> **TASK STATEMENT**
In the records below, find the line that contains "b12_1 : Constant" and the line that contains "b12_2 : Constant", then retype exactly those two lines and every line between them.

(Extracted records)
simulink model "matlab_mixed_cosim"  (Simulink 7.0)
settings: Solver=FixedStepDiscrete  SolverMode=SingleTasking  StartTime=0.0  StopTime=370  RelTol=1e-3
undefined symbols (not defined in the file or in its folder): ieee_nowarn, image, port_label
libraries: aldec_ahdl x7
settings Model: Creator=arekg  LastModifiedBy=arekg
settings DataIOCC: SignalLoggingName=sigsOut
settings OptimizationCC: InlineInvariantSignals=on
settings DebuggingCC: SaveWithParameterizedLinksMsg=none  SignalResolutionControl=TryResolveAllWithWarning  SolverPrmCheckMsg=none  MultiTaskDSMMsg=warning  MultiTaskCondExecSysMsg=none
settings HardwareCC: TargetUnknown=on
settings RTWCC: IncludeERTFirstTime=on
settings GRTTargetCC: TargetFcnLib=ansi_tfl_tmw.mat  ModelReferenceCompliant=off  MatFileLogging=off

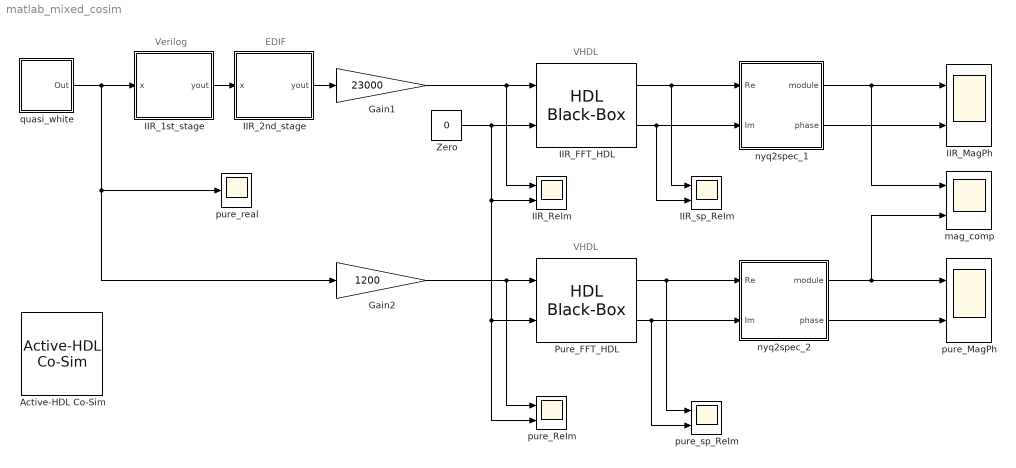
== system matlab_mixed_cosim ==
  note: Verilog
  note: EDIF
  note: VHDL
  note: VHDL
  Active-HDL Co-Sim : aldec_ahdl/Active-HDL Co-Sim  Tag=Active-HDL_Co-Sim_close  Priority=1  hdl_period=0.5  hdl_tscale=sec  sys_period=[1, 0]  sys_tscale=As In Simulator  vsim_cmd=-ieee_nowarn  wav_fn=matlab_mixed_cosim  wav_settings=[0,0,0,0,0,0,0,0]  dbg=off  auto_start=off  gen_tb=[0,0,0]  batch_sim=off  tb_fn=mlab_post_tb.log  metavalue_map=[0,0]  sim_resolution=[1,0,0]  active_page=4  aws_en=off  ahdl_en=off  blk_ver=9.3.RTM  macro_en=[1,0,1]  macro_path=prepare_project.do  mfun_text=check_mfiles
  Gain1 : Gain  Gain=23000  ParameterDataType=sfix(16)  ParameterScaling=2^0  OutDataType=sfix(16)  OutScaling=2^0  SaturateOnIntegerOverflow=on
  Gain2 : Gain  Gain=1200  ParameterDataType=sfix(16)  ParameterScaling=2^0  OutDataType=sfix(16)  OutScaling=2^0  SaturateOnIntegerOverflow=on
  IIR_1st_stage : Subsystem
  IIR_2nd_stage : Subsystem
  IIR_FFT_HDL : aldec_ahdl/HDL Black-Box  Priority=1  module_m=top_fft  ports_cfg={ce,4,1,0,0,1,8,0,0,1,0,0}{clk,3,1,0,0,1,8,0,0,1,0,0}{inv,5,1,0,0,1,8,0,0,1,0,0}{rst,5,1,0,0,1,8,0,0,1,0,0}{start,5,1,0,0,1,8,0,0,1,0,0}{Iin,0,-1,0,0,Inherited,0,0,0,0,0,0}{Qin,0,-1,0,0,Inherited,0,0,0,0,0,0}{Iout,1,-1,0,0,clk,0,0,0,0,0,0}{Qout,1,-1,0,0,clk,0,0,0,0,0,0}  params={WIDTH,16,NATURAL}{POINT,64,NATURAL}{STAGE,3,NATURAL}  clocks={1,2,0,0.5000,0}  ces={0,1,1,0,1}  stims={3,1 0s 0 7s}{4,0 0s 1 8s 0 10s}{2,0}  hdl_src=c:\My_Designs\Samples_73\simulink_mixed_example\fft\src\cfft\address.vhd;c:\My_Designs\Samples_73\simulink_mixed_example\fft\src\cfft\blockdram.vhd;c:\My_Designs\Samples_73\simulink_mixed_example\fft\src\cfft\div4limit.vhd;c:\My_Designs\Samples_73\simulink_mixed_example\fft\src\cfft\cfft4.vhd;c:\My_Designs\Samples_73\simulink_mixed_example\fft\src\cfft\rofactor.vhd;c:\My_Designs\Samples_73\simulink_mixed_example\fft\src\cfft\p2r_cordic.vhd;c:\My_Designs\Samples_73\simulink_mixed_example\fft\src\cfft\sc_corproc.vhd;c:\My_Designs\Samples_73\simulink_mixed_example\fft\src\cfft\mulfactor.vhd;c:\My_Designs\Samples_73\simulink_mixed_example\fft\src\cfft\cfft.vhd;c:\My_Designs\Samples_73\simulink_mixed_example\fft\src\ram\ram.vhd;c:\My_Designs\Samples_73\simulink_mixed_example\fft\compile\control.vhd;c:\My_Designs\Samples_73\simulink_mixed_example\fft\compile\top_fft.vhd  block_mask=image(imread('HDLBlackBox.jpg'),'center'); disp('top_fft');port_label('input', 1, 'Iin');port_label('input', 2, 'Qin');port_label('output', 1, 'Iout');port_label('output', 2, 'Qout');  config=[2,2]  inp=[2, 0, abs(16-1 - 0) + 1, 0, 0, 0, 0, 0, abs(16-1 - 0) + 1, 0, 0, 0, 0]  out=[2, 0, abs(16+1 - 0) + 1, 0, 0, 0, 0, 0, abs(16+1 - 0) + 1, 0, 0, 0, 0]  sampling=[1,-1,-1,2,2]  active_page={0}{80,0,35,1,65,2,70,3,70,4,60,5,60,6,50,7,35,8,35,9,119,10}{103,0,55,1,70,2,75,3,75,4,45,5,45,6,45,7,165,8,0,0,0,0}{165,0,130,1,190,2,190,3,0,0,0,0,0,0,0,0,0,0,0,0,0,0}{81,0,60,1,60,2,70,3,60,4,0,0,0,0,0,0,0,0,0,0,0,0}{83,0,70,1,80,2,50,3,50,4,0,0,0,0,0,0,0,0,0,0,0,0}{125,0,330,1,220,2,0,0,0,0,0,0,0,0,0,0,0,0,0,0,0,0}{95,0,95,1,70,2,50,3,80,4,35,5,35,6,65,7,150,8,0,0,0,0}{735,436}  param_val={16,-1,64,-1,3,-1}  clk_val=[2,0,0.5000]  ce_val=[1,0]  blk_ver=9.3.RTM  blk_conf=0  user_conv=0
  IIR_MagPh : Scope  NumInputPorts=2
      settings: YMin=0~-2  YMax=11500~3.25
  IIR_ReIm : Scope  NumInputPorts=2
      settings: YMin=-25000~-1  YMax=25000~1  SaveName=ScopeData19
  IIR_sp_ReIm : Scope  NumInputPorts=2
      settings: YMin=-35000~-35000  YMax=35000~35000  SaveName=ScopeData5
  Pure_FFT_HDL : aldec_ahdl/HDL Black-Box  Priority=1  module_m=top_fft  ports_cfg={ce,4,1,0,0,1,8,0,0,1,0,0}{clk,3,1,0,0,1,8,0,0,1,0,0}{inv,5,1,0,0,1,8,0,0,1,0,0}{rst,5,1,0,0,1,8,0,0,1,0,0}{start,5,1,0,0,1,8,0,0,1,0,0}{Iin,0,-1,0,0,Inherited,0,0,0,0,0,0}{Qin,0,-1,0,0,Inherited,0,0,0,0,0,0}{Iout,1,-1,0,0,clk,0,0,0,0,0,0}{Qout,1,-1,0,0,clk,0,0,0,0,0,0}  params={WIDTH,16,NATURAL}{POINT,64,NATURAL}{STAGE,3,NATURAL}  clocks={1,2,0,0.5000,0}  ces={0,1,1,0,1}  stims={3,1 0s 0 7s}{4,0 0s 1 8s 0 10s}{2,0}  hdl_src=c:\My_Designs\Samples_73\simulink_mixed_example\fft\src\cfft\address.vhd;c:\My_Designs\Samples_73\simulink_mixed_example\fft\src\cfft\blockdram.vhd;c:\My_Designs\Samples_73\simulink_mixed_example\fft\src\cfft\div4limit.vhd;c:\My_Designs\Samples_73\simulink_mixed_example\fft\src\cfft\cfft4.vhd;c:\My_Designs\Samples_73\simulink_mixed_example\fft\src\cfft\rofactor.vhd;c:\My_Designs\Samples_73\simulink_mixed_example\fft\src\cfft\p2r_cordic.vhd;c:\My_Designs\Samples_73\simulink_mixed_example\fft\src\cfft\sc_corproc.vhd;c:\My_Designs\Samples_73\simulink_mixed_example\fft\src\cfft\mulfactor.vhd;c:\My_Designs\Samples_73\simulink_mixed_example\fft\src\cfft\cfft.vhd;c:\My_Designs\Samples_73\simulink_mixed_example\fft\src\ram\ram.vhd;c:\My_Designs\Samples_73\simulink_mixed_example\fft\compile\control.vhd;c:\My_Designs\Samples_73\simulink_mixed_example\fft\compile\top_fft.vhd  block_mask=image(imread('HDLBlackBox.jpg'),'center'); disp('top_fft');port_label('input', 1, 'Iin');port_label('input', 2, 'Qin');port_label('output', 1, 'Iout');port_label('output', 2, 'Qout');  config=[2,2]  inp=[2, 0, abs(16-1 - 0) + 1, 0, 0, 0, 0, 0, abs(16-1 - 0) + 1, 0, 0, 0, 0]  out=[2, 0, abs(16+1 - 0) + 1, 0, 0, 0, 0, 0, abs(16+1 - 0) + 1, 0, 0, 0, 0]  sampling=[1,-1,-1,2,2]  active_page={0}{80,0,35,1,65,2,70,3,70,4,60,5,60,6,50,7,35,8,35,9,119,10}{103,0,55,1,70,2,75,3,75,4,45,5,45,6,45,7,165,8,0,0,0,0}{165,0,130,1,190,2,190,3,0,0,0,0,0,0,0,0,0,0,0,0,0,0}{81,0,60,1,60,2,70,3,60,4,0,0,0,0,0,0,0,0,0,0,0,0}{83,0,70,1,80,2,50,3,50,4,0,0,0,0,0,0,0,0,0,0,0,0}{125,0,330,1,220,2,0,0,0,0,0,0,0,0,0,0,0,0,0,0,0,0}{95,0,95,1,70,2,50,3,80,4,35,5,35,6,65,7,150,8,0,0,0,0}{735,436}  param_val={16,-1,64,-1,3,-1}  clk_val=[2,0,0.5000]  ce_val=[1,0]  blk_ver=9.3.RTM  blk_conf=0  user_conv=0
  Zero : Constant  Value=0  OutDataTypeMode=double  OutDataType=sfix(16)  OutScaling=2^0
  mag_comp : Scope  NumInputPorts=2
      settings: TimeRange=370  YMin=0~0  YMax=12000~7000
  nyq2spec_1 : Subsystem
  nyq2spec_2 : Subsystem
  pure_MagPh : Scope  NumInputPorts=2
      settings: TimeRange=370  YMin=-3.5~-5  YMax=3.5~5  SaveName=ScopeData24
  pure_ReIm : Scope  NumInputPorts=2
      settings: YMin=-1200~-1  YMax=1200~1  SaveName=ScopeData21
  pure_real : Scope
      settings: YMin=-450  YMax=450  SaveName=ScopeData13
  pure_sp_ReIm : Scope  NumInputPorts=2
      settings: YMin=-1~-5  YMax=1~5  SaveName=ScopeData20
  quasi_white : Subsystem
  wires:
  IIR_FFT_HDL/1 -> IIR_sp_ReIm/1, nyq2spec_1/1(Re)
  IIR_FFT_HDL/2 -> IIR_sp_ReIm/2, nyq2spec_1/2(Im)
  nyq2spec_1/1(module) -> IIR_MagPh/1, mag_comp/1
  nyq2spec_1/2(phase) -> IIR_MagPh/2
  Zero/1 -> IIR_FFT_HDL/2, IIR_ReIm/2, pure_ReIm/2, Pure_FFT_HDL/2
  quasi_white/1(Out) -> pure_real/1, IIR_1st_stage/1(x), Gain2/1
  nyq2spec_2/1(module) -> pure_MagPh/1, mag_comp/2
  Gain1/1 -> IIR_ReIm/1, IIR_FFT_HDL/1
  IIR_1st_stage/1(yout) -> IIR_2nd_stage/1(x)
  Pure_FFT_HDL/1 -> nyq2spec_2/1(Re), pure_sp_ReIm/1
  Gain2/1 -> pure_ReIm/1, Pure_FFT_HDL/1
  Pure_FFT_HDL/2 -> nyq2spec_2/2(Im), pure_sp_ReIm/2
  nyq2spec_2/2(phase) -> pure_MagPh/2
  IIR_2nd_stage/1(yout) -> Gain1/1

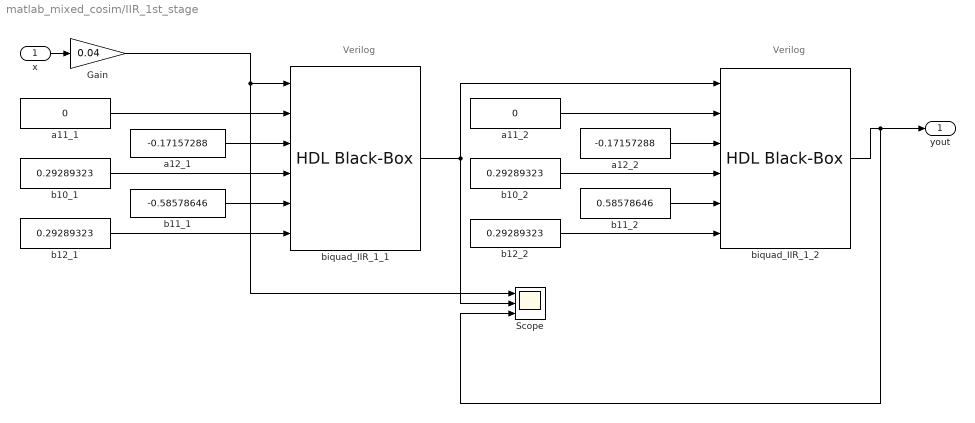
== system matlab_mixed_cosim/IIR_1st_stage ==
  note: Verilog
  note: Verilog
  x : Inport  OutDataType=sfix(16)  OutScaling=2^0
  Gain : Gain  Gain=0.04  ParameterDataType=sfix(16)  ParameterScaling=2^0  OutDataType=sfix(16)  OutScaling=2^0  SaturateOnIntegerOverflow=on
  Scope : Scope  NumInputPorts=3
      settings: YMin=-0.025~-0.025~-0.02  YMax=0.025~0.03~0.03  SaveName=ScopeData3
  a11_1 : Constant  Value=0  OutDataType=sfix(16)  OutScaling=2^0
  a11_2 : Constant  Value=0  OutDataType=sfix(16)  OutScaling=2^0
  a12_1 : Constant  Value=-0.17157288  OutDataType=sfix(16)  OutScaling=2^0
  a12_2 : Constant  Value=-0.17157288  OutDataType=sfix(16)  OutScaling=2^0
  b10_1 : Constant  Value=0.29289323  OutDataType=sfix(16)  OutScaling=2^0
  b10_2 : Constant  Value=0.29289323  OutDataType=sfix(16)  OutScaling=2^0
  b11_1 : Constant  Value=-0.58578646  OutDataType=sfix(16)  OutScaling=2^0
  b11_2 : Constant  Value=0.58578646  OutDataType=sfix(16)  OutScaling=2^0
  b12_1 : Constant  Value=0.29289323  OutDataType=sfix(16)  OutScaling=2^0
  b12_2 : Constant  Value=0.29289323  OutDataType=sfix(16)  OutScaling=2^0
  biquad_IIR_1_1 : aldec_ahdl/HDL Black-Box  Priority=1  module_m=biquad  ports_cfg={clk,3,1,0,0,1,8,0,0,1,0,0}{nreset,5,1,0,0,1,8,0,0,1,0,0}{x,0,16,0,15,Inherited,0,0,0,0,0,0}{ce,4,1,0,0,1,8,0,0,1,0,0}{valid,5,1,0,0,1,8,0,0,1,0,0}{a11,0,8,0,7,Inherited,0,0,0,0,0,0}{a12,0,8,0,7,Inherited,0,0,0,0,0,0}{b10,0,8,0,7,Inherited,0,0,0,0,0,0}{b11,0,8,0,7,Inherited,0,0,0,0,0,0}{b12,0,8,0,7,Inherited,0,0,0,0,0,0}{yout,1,16,0,15,clk,0,0,0,0,0,0}  params={DATAWIDTH,16,}{COEFWIDTH,8,}{ACCUM,2,}  clocks={0,2,0,0.5000,0}  ces={3,0,1,0,1}  stims={4,0 0s 1 2s}{1,0 0s 1 2s}  hdl_src=c:\My_Designs\Samples_73\simulink_mixed_example\biquad_iir\src\multa.v;c:\My_Designs\Samples_73\simulink_mixed_example\biquad_iir\src\multb.v;c:\My_Designs\Samples_73\simulink_mixed_example\biquad_iir\src\biquad.v  block_mask=image(imread('HDLBlackBox.jpg'),'center'); disp('biquad');port_label('input', 1, 'x');port_label('input', 2, 'a11');port_label('input', 3, 'a12');port_label('input', 4, 'b10');port_label('input', 5, 'b11');port_label('input', 6, 'b12');port_label('output', 1, 'yout');  config=[6,1]  inp=[6, 0, 16, 15, 0, 0, 0, 0, 8, 7, 0, 0, 0, 0, 8, 7, 0, 0, 0, 0, 8, 7, 0, 0, 0, 0, 8, 7, 0, 0, 0, 0, 8, 7, 0, 0, 0]  out=[1, 0, 16, 15, 0, 0, 0]  sampling=[1,-1,-1,-1,-1,-1,-1,2]  active_page={0}{80,0,35,1,65,2,70,3,70,4,60,5,60,6,50,7,35,8,35,9,119,10}{103,0,55,1,70,2,75,3,75,4,45,5,45,6,45,7,165,8,0,0,0,0}{165,0,130,1,190,2,190,3,0,0,0,0,0,0,0,0,0,0,0,0,0,0}{81,0,60,1,60,2,70,3,60,4,0,0,0,0,0,0,0,0,0,0,0,0}{83,0,70,1,80,2,50,3,50,4,0,0,0,0,0,0,0,0,0,0,0,0}{125,0,330,1,220,2,0,0,0,0,0,0,0,0,0,0,0,0,0,0,0,0}{95,0,95,1,70,2,50,3,80,4,35,5,35,6,65,7,150,8,0,0,0,0}{735,436}  param_val={16,-1,8,-1,2,-1}  clk_val=[2,0,0.5000]  ce_val=[1,0]  blk_ver=9.3.RTM  blk_conf=0  user_conv=0
  biquad_IIR_1_2 : aldec_ahdl/HDL Black-Box  Priority=1  module_m=biquad  ports_cfg={clk,3,1,0,0,1,8,0,0,1,0,0}{nreset,5,1,0,0,1,8,0,0,1,0,0}{x,0,16,0,15,Inherited,0,0,0,0,0,0}{ce,4,1,0,0,1,8,0,0,1,0,0}{valid,5,1,0,0,1,8,0,0,1,0,0}{a11,0,8,0,7,Inherited,0,0,0,0,0,0}{a12,0,8,0,7,Inherited,0,0,0,0,0,0}{b10,0,8,0,7,Inherited,0,0,0,0,0,0}{b11,0,8,0,7,Inherited,0,0,0,0,0,0}{b12,0,8,0,7,Inherited,0,0,0,0,0,0}{yout,1,16,0,15,clk,0,0,0,0,0,0}  params={DATAWIDTH,16,}{COEFWIDTH,8,}{ACCUM,2,}  clocks={0,2,0,0.5000,0}  ces={3,0,1,0,1}  stims={4,0 0s 1 2s}{1,0 0s 1 2s}  hdl_src=c:\My_Designs\Samples_73\simulink_mixed_example\biquad_iir\src\multa.v;c:\My_Designs\Samples_73\simulink_mixed_example\biquad_iir\src\multb.v;c:\My_Designs\Samples_73\simulink_mixed_example\biquad_iir\src\biquad.v  block_mask=image(imread('HDLBlackBox.jpg'),'center'); disp('biquad');port_label('input', 1, 'x');port_label('input', 2, 'a11');port_label('input', 3, 'a12');port_label('input', 4, 'b10');port_label('input', 5, 'b11');port_label('input', 6, 'b12');port_label('output', 1, 'yout');  config=[6,1]  inp=[6, 0, 16, 15, 0, 0, 0, 0, 8, 7, 0, 0, 0, 0, 8, 7, 0, 0, 0, 0, 8, 7, 0, 0, 0, 0, 8, 7, 0, 0, 0, 0, 8, 7, 0, 0, 0]  out=[1, 0, 16, 15, 0, 0, 0]  sampling=[1,-1,-1,-1,-1,-1,-1,2]  active_page={0}{80,0,35,1,65,2,70,3,70,4,60,5,60,6,50,7,35,8,35,9,119,10}{103,0,55,1,70,2,75,3,75,4,45,5,45,6,45,7,165,8,0,0,0,0}{165,0,130,1,190,2,190,3,0,0,0,0,0,0,0,0,0,0,0,0,0,0}{81,0,60,1,60,2,70,3,60,4,0,0,0,0,0,0,0,0,0,0,0,0}{83,0,70,1,80,2,50,3,50,4,0,0,0,0,0,0,0,0,0,0,0,0}{125,0,330,1,220,2,0,0,0,0,0,0,0,0,0,0,0,0,0,0,0,0}{95,0,95,1,70,2,50,3,80,4,35,5,35,6,65,7,150,8,0,0,0,0}{735,436}  param_val={16,-1,8,-1,2,-1}  clk_val=[2,0,0.5000]  ce_val=[1,0]  blk_ver=9.3.RTM  blk_conf=0  user_conv=0
  yout : Outport  OutDataType=sfix(16)  OutScaling=2^0
  wires:
  x/1 -> Gain/1
  biquad_IIR_1_1/1 -> biquad_IIR_1_2/1, Scope/2
  Gain/1 -> biquad_IIR_1_1/1, Scope/1
  biquad_IIR_1_2/1 -> yout/1, Scope/3
  b10_1/1 -> biquad_IIR_1_1/4
  a12_1/1 -> biquad_IIR_1_1/3
  a11_1/1 -> biquad_IIR_1_1/2
  b12_2/1 -> biquad_IIR_1_2/6
  b10_2/1 -> biquad_IIR_1_2/4
  a12_2/1 -> biquad_IIR_1_2/3
  a11_2/1 -> biquad_IIR_1_2/2
  b11_2/1 -> biquad_IIR_1_2/5
  b12_1/1 -> biquad_IIR_1_1/6
  b11_1/1 -> biquad_IIR_1_1/5

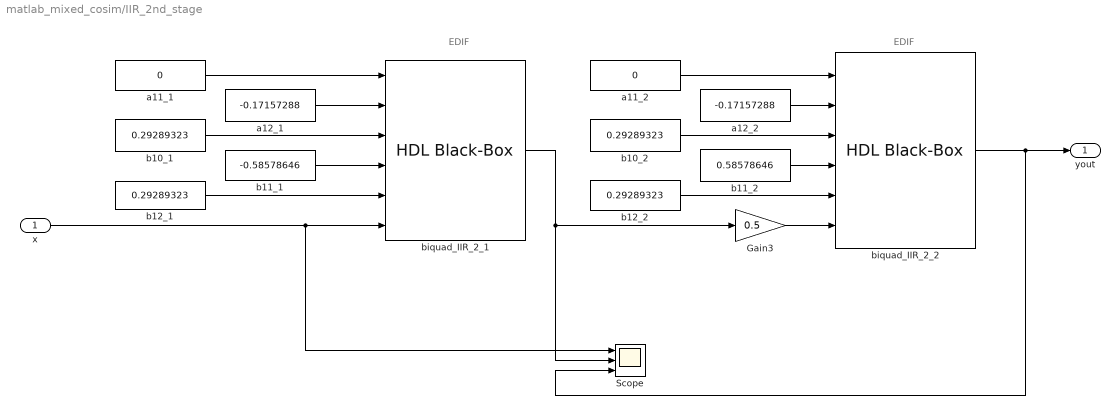
== system matlab_mixed_cosim/IIR_2nd_stage ==
  note: EDIF
  note: EDIF
  x : Inport  OutDataType=sfix(16)  OutScaling=2^0
  Gain3 : Gain  Gain=0.5  ParameterDataType=sfix(16)  ParameterScaling=2^0  OutDataType=sfix(16)  OutScaling=2^0  SaturateOnIntegerOverflow=on
  Scope : Scope  NumInputPorts=3
      settings: YMin=-0.025~-0.025~-0.02  YMax=0.025~0.03~0.03  SaveName=ScopeData4
  a11_1 : Constant  Value=0  OutDataType=sfix(16)  OutScaling=2^0
  a11_2 : Constant  Value=0  OutDataType=sfix(16)  OutScaling=2^0
  a12_1 : Constant  Value=-0.17157288  OutDataType=sfix(16)  OutScaling=2^0
  a12_2 : Constant  Value=-0.17157288  OutDataType=sfix(16)  OutScaling=2^0
  b10_1 : Constant  Value=0.29289323  OutDataType=sfix(16)  OutScaling=2^0
  b10_2 : Constant  Value=0.29289323  OutDataType=sfix(16)  OutScaling=2^0
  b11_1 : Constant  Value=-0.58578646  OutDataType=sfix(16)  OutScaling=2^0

> **SOLUTION**
  b12_1 : Constant  Value=0.29289323  OutDataType=sfix(16)  OutScaling=2^0
  b12_2 : Constant  Value=0.29289323  OutDataType=sfix(16)  OutScaling=2^0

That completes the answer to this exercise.